Task item → Nothing but the lines below, from the first through the line containing "color=color, linetype=linetype, lineweight=lineweight)", should be set down, each one exactly and without pictures.

____________________

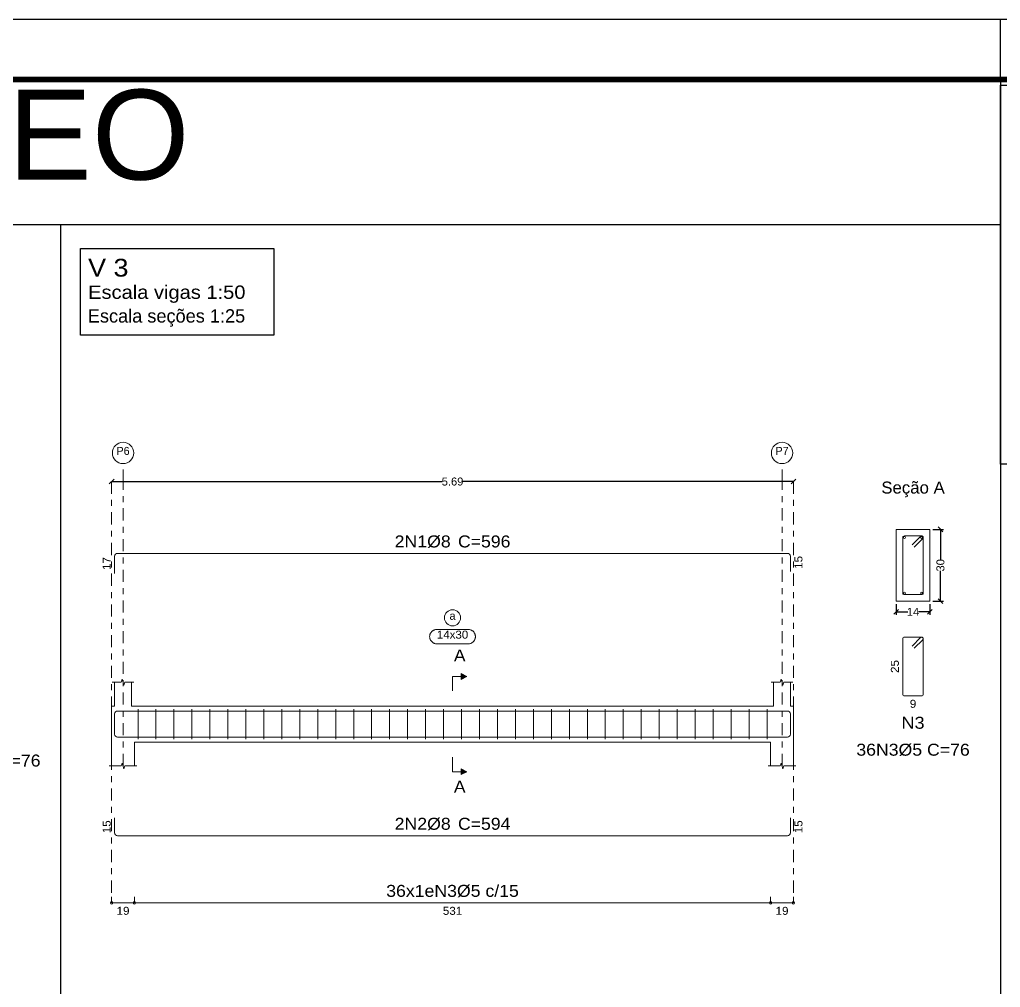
# Model space of a CAD drawing. Header units: centimetres. Extents: x 3194 to 3278, y -951 to -517.
# Drawn here: x 3243.55 to 3259.92, y -532.97 to -516.81 of the extents above; entities that cross this region are included whole.
import ezdxf
from ezdxf.enums import TextEntityAlignment as Align

# ---------------------------------------------------------------- set-up
doc = ezdxf.new("R2010")
doc.units = ezdxf.units.CM
doc.linetypes.add('CYPE_RAYAPUNTO', pattern=[0.4125, 0.2025, -0.105, 0, -0.105])
for name, color, linetype, lineweight in [('ARM_LONGITUDINAL_Ø8', 32, 'Continuous', 9), ('ARM_TRANSVERSAL_Ø5', 120, 'Continuous', 9), ('ELE_ARM_TRANS_TXT_EST', 7, 'Continuous', 9), ('ELE_CONT_NOS', 7, 'Continuous', 9), ('ELE_CONT_VIG_CONCRETO', 7, 'Continuous', 9), ('ELE_COT_COMPRIMENTO_PROJETADO', 8, 'Continuous', 0), ('ELE_COT_COT_ANCORAGENS', 8, 'Continuous', 0), ('ELE_COT_COT_EST', 8, 'Continuous', 0), ('ELE_COT_COT_LIN_APOIOS', 8, 'CYPE_RAYAPUNTO', 0), ('ELE_COT_TEXTOS_ESTRIBOS', 8, 'Continuous', 0), ('ELE_REF_COT_LIN_AUX_COTA', 8, 'CYPE_RAYAPUNTO', 9), ('ELE_REF_LINHAS_MARCAS_PLANTA', 8, 'Continuous', 9), ('ELE_REF_MARCAS_PLANTA', 8, 'Continuous', 9), ('ELE_REF_REF_ESCALA', 3, 'Continuous', 9), ('ELE_REF_REF_NOME', 8, 'Continuous', 9), ('ELE_REF_REF_REFERENCIA', 8, 'Continuous', 9), ('ELE_REF_TEXTO_REF_NOME', 8, 'Continuous', 9), ('ELE_REF_TEXTO_REF_REFERENCIA', 8, 'Continuous', 9), ('POR_ARM_LONG_ARM_TEXTOS', 7, 'Continuous', 9), ('POR_ARM_LONG_TXT_COMP', 7, 'Continuous', 9), ('SEC_CONT_VIG_CONCRETO_CORTE', 7, 'Continuous', 9), ('SEC_COTAS_SEC_DIM_VIGA', 8, 'Continuous', 0), ('SEC_COTAS_TEXTOS_DETALHE_ESTRIBOS', 8, 'Continuous', 0), ('SEC_REF_TXT_NOMES', 2, 'Continuous', 9), ('SEC_REF_TXT_POSICOES_ARM_ESTRIBOS', 7, 'Continuous', 9)]:
    doc.layers.add(name, color=color, linetype=linetype, lineweight=lineweight)
doc.layers.add('ARQ-FOLHA', color=7, linetype='Continuous')
doc.layers.add('COTA CYPE', color=31, linetype='Continuous')
doc.styles.add('CYPETXT', font='arial.ttf', dxfattribs={"height": 0.2})
doc.styles.add('CYPETXT_0.2', font='arial.ttf', dxfattribs={"height": 0.133333})
doc.styles.add('TQS_ARIAL', font='arial.ttf')
doc.dimstyles.new('cype_oblique', dxfattribs={"dimtxt": 0.18, "dimasz": 0.18, "dimexe": 0.05, "dimexo": 0.05, "dimgap": 0, "dimtad": 0, "dimdec": 4, "dimzin": 0, "dimdsep": 46, "dimtxsty": 'CYPETXT_0.2', "dimblk": 'OBLIQUE', "dimtsz": 0.04, "dimcen": 0.09, "dimadec": 0, "dimazin": 0, "dimtfac": 1, "dimtdec": 4, "dimtofl": 0, "dimtmove": 2, "dimatfit": 3, "dimfxl": 1, "dimtolj": 1, "dimtzin": 0, "dimarcsym": 0})

# ---------------------------------------------------------------- blocks, each defined once
blk = doc.blocks.new('FOLHA A1')
at = {"layer": 'ARQ-FOLHA'}
for p, q in [((841, 0), (0, 0)), ((656, -10), (656, 0))]:
    blk.add_line(p, q, dxfattribs=at)
at = {"layer": 'ARQ-FOLHA', "const_width": 1}
blk.add_lwpolyline([(25, -10), (25, -584), (831, -584), (831, -10), (25, -10)], dxfattribs=at)
blk = doc.blocks.new('*D1124')
at = {"layer": 'Defpoints', "color": 0, "transparency": 16777216}
for p in [(3258.181, -526.525), (3258.741, -526.525), (3258.741, -526.702)]:
    blk.add_point(p, dxfattribs=at)
at = {"layer": 'SEC_COTAS_SEC_DIM_VIGA', "color": 0, "lineweight": -2, "transparency": 16777216}
for p, q in [((3258.181, -526.575), (3258.181, -526.752)), ((3258.741, -526.575), (3258.741, -526.752)), ((3258.141, -526.742), (3258.221, -526.662)), ((3258.181, -526.702), (3258.372, -526.702)), ((3258.741, -526.702), (3258.55, -526.702)), ((3258.701, -526.742), (3258.781, -526.662))]:
    blk.add_line(p, q, dxfattribs=at)
at = {"layer": 'SEC_COTAS_SEC_DIM_VIGA', "color": 0, "transparency": 16777216, "insert": (3258.461, -526.702), "char_height": 0.1333, "attachment_point": 5, "style": 'CYPETXT_0.2'}
blk.add_mtext('\\A1;14', dxfattribs=at)
blk = doc.blocks.new('_OBLIQUE')
at = {"color": 0, "linetype": 'ByBlock'}
blk.add_line((-0.5, -0.5), (0.5, 0.5), dxfattribs=at)
blk = doc.blocks.new('*D1125')
at = {"layer": 'Defpoints', "color": 0, "transparency": 16777216}
for p in [(3258.741, -525.325), (3258.919, -525.325), (3258.741, -526.525)]:
    blk.add_point(p, dxfattribs=at)
at = {"layer": 'SEC_COTAS_SEC_DIM_VIGA', "color": 0, "lineweight": -2, "transparency": 16777216}
for p, q in [((3258.791, -525.325), (3258.969, -525.325)), ((3258.959, -525.365), (3258.879, -525.285)), ((3258.919, -525.325), (3258.919, -525.83)), ((3258.919, -526.525), (3258.919, -526.02)), ((3258.791, -526.525), (3258.969, -526.525)), ((3258.959, -526.565), (3258.879, -526.485))]:
    blk.add_line(p, q, dxfattribs=at)
at = {"layer": 'SEC_COTAS_SEC_DIM_VIGA', "color": 0, "transparency": 16777216, "insert": (3258.919, -525.925), "char_height": 0.1333, "attachment_point": 5, "rotation": 90, "style": 'CYPETXT_0.2'}
blk.add_mtext('\\A1;30', dxfattribs=at)
blk = doc.blocks.new('*D1126')
at = {"layer": 'Defpoints', "color": 0, "transparency": 16777216}
for p in [(3245.085, -524.527), (3245.085, -524.527), (3256.465, -524.527)]:
    blk.add_point(p, dxfattribs=at)
at = {"layer": 'ELE_COT_COMPRIMENTO_PROJETADO', "color": 0, "lineweight": -2, "transparency": 16777216}
for p, q in [((3245.045, -524.567), (3245.125, -524.487)), ((3256.425, -524.567), (3256.505, -524.487)), ((3245.085, -524.527), (3250.602, -524.527)), ((3256.465, -524.527), (3250.948, -524.527))]:
    blk.add_line(p, q, dxfattribs=at)
at = {"layer": 'ELE_COT_COMPRIMENTO_PROJETADO', "color": 0, "transparency": 16777216, "insert": (3250.775, -524.527), "char_height": 0.1333, "attachment_point": 5, "style": 'CYPETXT_0.2'}
blk.add_mtext('\\A1;5.69', dxfattribs=at)

msp = doc.modelspace()

# ---------------------------------------------------------------- hatches: boundary and pattern name
at = {"layer": 'ELE_REF_LINHAS_MARCAS_PLANTA'}
for points in [[(3250.91889, -527.82912), (3250.91889, -527.73312), (3251.01489, -527.78112)], [(3250.91889, -529.32312), (3250.91889, -529.41912), (3251.01489, -529.37112)]]:
    msp.add_hatch(color=256, dxfattribs=at).paths.add_polyline_path(points)

# ---------------------------------------------------------------- linework, layer by layer
for p, q in [((3259.9194, -517.813), (3259.9194, -575.213)), ((3196.8194, -520.23693), (3259.9194, -520.23693)), ((3244.23103, -520.23693), (3244.23103, -533.5243))]:
    msp.add_line(p, q)
msp.add_lwpolyline([(3259.9194, -517.90789), (3264.42772, -517.90789), (3264.42772, -524.23771), (3259.9194, -524.23771)], close=True)
at = {"layer": 'ARM_LONGITUDINAL_Ø8'}
for points in [[(3256.41489, -526.02673), (3256.41489, -525.77473), (3256.41124, -525.75636), (3256.40083, -525.74079), (3256.38526, -525.73038), (3256.36689, -525.72673), (3245.18289, -525.72673), (3245.16452, -525.73038), (3245.14895, -525.74079), (3245.13855, -525.75636), (3245.13489, -525.77473), (3245.13489, -526.06414)], [(3256.41489, -528.65812), (3256.41489, -528.40612), (3256.41124, -528.38775), (3256.40083, -528.37218), (3256.38526, -528.36177), (3256.36689, -528.35812), (3245.18289, -528.35812), (3245.16452, -528.36177), (3245.14895, -528.37218), (3245.13855, -528.38775), (3245.13489, -528.40612), (3245.13489, -528.69553)], [(3256.41489, -528.49412), (3256.41489, -528.74612), (3256.41124, -528.76449), (3256.40083, -528.78006), (3256.38526, -528.79046), (3256.36689, -528.79412), (3245.18289, -528.79412), (3245.16452, -528.79046), (3245.14895, -528.78006), (3245.13855, -528.76449), (3245.13489, -528.74612), (3245.13489, -528.49412)], [(3256.41489, -530.14112), (3256.41489, -530.39312), (3256.41124, -530.41149), (3256.40083, -530.42706), (3256.38526, -530.43746), (3256.36689, -530.44112), (3245.18289, -530.44112), (3245.16452, -530.43746), (3245.14895, -530.42706), (3245.13855, -530.41149), (3245.13489, -530.39312), (3245.13489, -530.14112)]]:
    msp.add_lwpolyline(points, dxfattribs=at)
for centre in [(3258.31739, -525.46073), (3258.60539, -525.46073), (3258.31739, -526.38873), (3258.60539, -526.38873)]:
    msp.add_circle(centre, 0.016, dxfattribs=at)
at = {"layer": 'ARM_TRANSVERSAL_Ø5'}
for p, q in [((3245.52489, -528.32612), (3245.52489, -528.82612)), ((3245.82489, -528.32612), (3245.82489, -528.82612)), ((3246.12489, -528.32612), (3246.12489, -528.82612)), ((3246.42489, -528.32612), (3246.42489, -528.82612)), ((3246.72489, -528.32612), (3246.72489, -528.82612)), ((3247.02489, -528.32612), (3247.02489, -528.82612)), ((3247.32489, -528.32612), (3247.32489, -528.82612)), ((3247.62489, -528.32612), (3247.62489, -528.82612)), ((3247.92489, -528.32612), (3247.92489, -528.82612)), ((3248.22489, -528.32612), (3248.22489, -528.82612)), ((3248.52489, -528.32612), (3248.52489, -528.82612)), ((3248.82489, -528.32612), (3248.82489, -528.82612)), ((3249.12489, -528.32612), (3249.12489, -528.82612)), ((3249.42489, -528.32612), (3249.42489, -528.82612)), ((3249.72489, -528.32612), (3249.72489, -528.82612)), ((3250.02489, -528.32612), (3250.02489, -528.82612)), ((3250.32489, -528.32612), (3250.32489, -528.82612)), ((3250.62489, -528.32612), (3250.62489, -528.82612)), ((3250.92489, -528.32612), (3250.92489, -528.82612)), ((3251.22489, -528.32612), (3251.22489, -528.82612)), ((3251.52489, -528.32612), (3251.52489, -528.82612)), ((3251.82489, -528.32612), (3251.82489, -528.82612)), ((3252.12489, -528.32612), (3252.12489, -528.82612)), ((3252.42489, -528.32612), (3252.42489, -528.82612)), ((3252.72489, -528.32612), (3252.72489, -528.82612)), ((3253.02489, -528.32612), (3253.02489, -528.82612)), ((3253.32489, -528.32612), (3253.32489, -528.82612)), ((3253.62489, -528.32612), (3253.62489, -528.82612)), ((3253.92489, -528.32612), (3253.92489, -528.82612)), ((3254.22489, -528.32612), (3254.22489, -528.82612)), ((3254.52489, -528.32612), (3254.52489, -528.82612)), ((3254.82489, -528.32612), (3254.82489, -528.82612)), ((3255.12489, -528.32612), (3255.12489, -528.82612)), ((3255.42489, -528.32612), (3255.42489, -528.82612)), ((3255.72489, -528.32612), (3255.72489, -528.82612)), ((3256.02489, -528.32612), (3256.02489, -528.82612))]:
    msp.add_line(p, q, dxfattribs=at)
for points in [[(3258.48236, -525.62054), (3258.62378, -525.47911), (3258.62701, -525.47517), (3258.62941, -525.47068), (3258.63089, -525.4658), (3258.63139, -525.46073), (3258.63089, -525.45566), (3258.62941, -525.45078), (3258.62701, -525.44628), (3258.62378, -525.44234), (3258.61984, -525.43911), (3258.61534, -525.43671), (3258.61046, -525.43523), (3258.60539, -525.43473), (3258.31739, -525.43473), (3258.30744, -525.43671), (3258.29901, -525.44234), (3258.29337, -525.45078), (3258.29139, -525.46073), (3258.29139, -526.38873), (3258.29337, -526.39868), (3258.29901, -526.40711), (3258.30744, -526.41275), (3258.31739, -526.41473), (3258.60539, -526.41473), (3258.61534, -526.41275), (3258.62378, -526.40711), (3258.62941, -526.39868), (3258.63139, -526.38873), (3258.63139, -525.46073), (3258.63089, -525.45566), (3258.62941, -525.45078), (3258.62701, -525.44628), (3258.62378, -525.44234), (3258.61984, -525.43911), (3258.61534, -525.43671), (3258.61046, -525.43523), (3258.60539, -525.43473), (3258.60032, -525.43523), (3258.59544, -525.43671), (3258.59095, -525.43911), (3258.58701, -525.44234), (3258.44559, -525.58377)], [(3258.48236, -527.30987), (3258.62378, -527.16845), (3258.62701, -527.16451), (3258.62941, -527.16001), (3258.63089, -527.15513), (3258.63139, -527.15006), (3258.63089, -527.14499), (3258.62941, -527.14011), (3258.62701, -527.13562), (3258.62378, -527.13168), (3258.61984, -527.12844), (3258.61534, -527.12604), (3258.61046, -527.12456), (3258.60539, -527.12406), (3258.31739, -527.12406), (3258.30744, -527.12604), (3258.29901, -527.13168), (3258.29337, -527.14011), (3258.29139, -527.15006), (3258.29139, -528.07806), (3258.29337, -528.08801), (3258.29901, -528.09645), (3258.30744, -528.10208), (3258.31739, -528.10406), (3258.60539, -528.10406), (3258.61534, -528.10208), (3258.62378, -528.09645), (3258.62941, -528.08801), (3258.63139, -528.07806), (3258.63139, -527.15006), (3258.63089, -527.14499), (3258.62941, -527.14011), (3258.62701, -527.13562), (3258.62378, -527.13168), (3258.61984, -527.12844), (3258.61534, -527.12604), (3258.61046, -527.12456), (3258.60539, -527.12406), (3258.60032, -527.12456), (3258.59544, -527.12604), (3258.59095, -527.12844), (3258.58701, -527.13168), (3258.44559, -527.2731)]]:
    msp.add_lwpolyline(points, dxfattribs=at)
at = {"layer": 'COTA CYPE'}
msp.add_lwpolyline([(3244.56682, -520.63753), (3247.79322, -520.63753), (3247.79322, -522.08101), (3244.56682, -522.08101)], close=True, dxfattribs=at)
at = {"layer": 'ELE_CONT_NOS'}
for p, q in [((3245.13489, -528.27612), (3245.13489, -527.87612)), ((3245.41489, -528.27612), (3245.41489, -527.87612)), ((3256.13489, -528.27612), (3256.13489, -527.87612)), ((3256.41489, -528.27612), (3256.41489, -527.87612)), ((3245.08489, -528.27612), (3245.13489, -528.27612)), ((3245.46489, -528.27612), (3245.41489, -528.27612)), ((3256.08489, -528.27612), (3256.13489, -528.27612)), ((3256.46489, -528.27612), (3256.41489, -528.27612)), ((3245.08489, -528.87612), (3245.08489, -529.27612)), ((3245.46489, -528.87612), (3245.46489, -529.27612)), ((3256.08489, -528.87612), (3256.08489, -529.27612)), ((3256.46489, -528.87612), (3256.46489, -529.27612))]:
    msp.add_line(p, q, dxfattribs=at)
for points in [[(3245.09489, -527.87612), (3245.24489, -527.87612), (3245.25989, -527.82612), (3245.28989, -527.92612), (3245.30489, -527.87612), (3245.45489, -527.87612)], [(3256.09489, -527.87612), (3256.24489, -527.87612), (3256.25989, -527.82612), (3256.28989, -527.92612), (3256.30489, -527.87612), (3256.45489, -527.87612)], [(3245.08489, -528.27612), (3245.08489, -528.87612)], [(3256.46489, -528.27612), (3256.46489, -528.87612)], [(3245.04489, -529.27612), (3245.24489, -529.27612), (3245.25989, -529.22612), (3245.28989, -529.32612), (3245.30489, -529.27612), (3245.50489, -529.27612)], [(3256.04489, -529.27612), (3256.24489, -529.27612), (3256.25989, -529.22612), (3256.28989, -529.32612), (3256.30489, -529.27612), (3256.50489, -529.27612)]]:
    msp.add_lwpolyline(points, dxfattribs=at)
at = {"layer": 'ELE_CONT_VIG_CONCRETO'}
for p, q in [((3245.46489, -528.27612), (3256.08489, -528.27612)), ((3245.46489, -528.87612), (3256.08489, -528.87612))]:
    msp.add_line(p, q, dxfattribs=at)
at = {"layer": 'ELE_COT_COT_EST'}
for p, q in [((3245.08489, -531.56112), (3245.08489, -531.46112)), ((3245.46489, -531.56112), (3245.46489, -531.46112)), ((3256.08489, -531.56112), (3256.08489, -531.46112))]:
    msp.add_line(p, q, dxfattribs=at)
for points in [[(3245.08489, -531.56112), (3245.46489, -531.56112), (3245.46489, -531.46112)], [(3245.46489, -531.56112), (3256.08489, -531.56112), (3256.08489, -531.46112)], [(3256.08489, -531.56112), (3256.46489, -531.56112), (3256.46489, -531.46112)]]:
    msp.add_lwpolyline(points, dxfattribs=at)
for centre in [(3245.08489, -531.56112), (3245.46489, -531.56112), (3245.46489, -531.56112), (3256.08489, -531.56112), (3256.08489, -531.56112), (3256.46489, -531.56112)]:
    msp.add_circle(centre, 0.02, dxfattribs=at)
at = {"layer": 'ELE_COT_COT_LIN_APOIOS'}
for p, q in [((3245.08489, -524.52673), (3245.08489, -531.56112)), ((3256.46489, -524.52673), (3256.46489, -531.56112))]:
    msp.add_line(p, q, dxfattribs=at)
at = {"layer": 'ELE_REF_COT_LIN_AUX_COTA'}
for p, q in [((3245.27489, -524.52673), (3245.27489, -524.22673)), ((3256.27489, -524.52673), (3256.27489, -524.22673)), ((3245.27489, -529.27612), (3245.27489, -524.52673)), ((3256.27489, -529.27612), (3256.27489, -524.52673))]:
    msp.add_line(p, q, dxfattribs=at)
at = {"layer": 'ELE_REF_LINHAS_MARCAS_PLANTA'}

____________________

Written response →
# Model space of a CAD drawing. Header units: centimetres. Extents: x 3194 to 3278, y -951 to -517.
# Drawn here: x 3243.55 to 3259.92, y -532.97 to -516.81 of the extents above; entities that cross this region are included whole.
import ezdxf
from ezdxf.enums import TextEntityAlignment as Align

# ---------------------------------------------------------------- set-up
doc = ezdxf.new("R2010")
doc.units = ezdxf.units.CM
doc.linetypes.add('CYPE_RAYAPUNTO', pattern=[0.4125, 0.2025, -0.105, 0, -0.105])
for name, color, linetype, lineweight in [('ARM_LONGITUDINAL_Ø8', 32, 'Continuous', 9), ('ARM_TRANSVERSAL_Ø5', 120, 'Continuous', 9), ('ELE_ARM_TRANS_TXT_EST', 7, 'Continuous', 9), ('ELE_CONT_NOS', 7, 'Continuous', 9), ('ELE_CONT_VIG_CONCRETO', 7, 'Continuous', 9), ('ELE_COT_COMPRIMENTO_PROJETADO', 8, 'Continuous', 0), ('ELE_COT_COT_ANCORAGENS', 8, 'Continuous', 0), ('ELE_COT_COT_EST', 8, 'Continuous', 0), ('ELE_COT_COT_LIN_APOIOS', 8, 'CYPE_RAYAPUNTO', 0), ('ELE_COT_TEXTOS_ESTRIBOS', 8, 'Continuous', 0), ('ELE_REF_COT_LIN_AUX_COTA', 8, 'CYPE_RAYAPUNTO', 9), ('ELE_REF_LINHAS_MARCAS_PLANTA', 8, 'Continuous', 9), ('ELE_REF_MARCAS_PLANTA', 8, 'Continuous', 9), ('ELE_REF_REF_ESCALA', 3, 'Continuous', 9), ('ELE_REF_REF_NOME', 8, 'Continuous', 9), ('ELE_REF_REF_REFERENCIA', 8, 'Continuous', 9), ('ELE_REF_TEXTO_REF_NOME', 8, 'Continuous', 9), ('ELE_REF_TEXTO_REF_REFERENCIA', 8, 'Continuous', 9), ('POR_ARM_LONG_ARM_TEXTOS', 7, 'Continuous', 9), ('POR_ARM_LONG_TXT_COMP', 7, 'Continuous', 9), ('SEC_CONT_VIG_CONCRETO_CORTE', 7, 'Continuous', 9), ('SEC_COTAS_SEC_DIM_VIGA', 8, 'Continuous', 0), ('SEC_COTAS_TEXTOS_DETALHE_ESTRIBOS', 8, 'Continuous', 0), ('SEC_REF_TXT_NOMES', 2, 'Continuous', 9), ('SEC_REF_TXT_POSICOES_ARM_ESTRIBOS', 7, 'Continuous', 9)]:
    doc.layers.add(name, color=color, linetype=linetype, lineweight=lineweight)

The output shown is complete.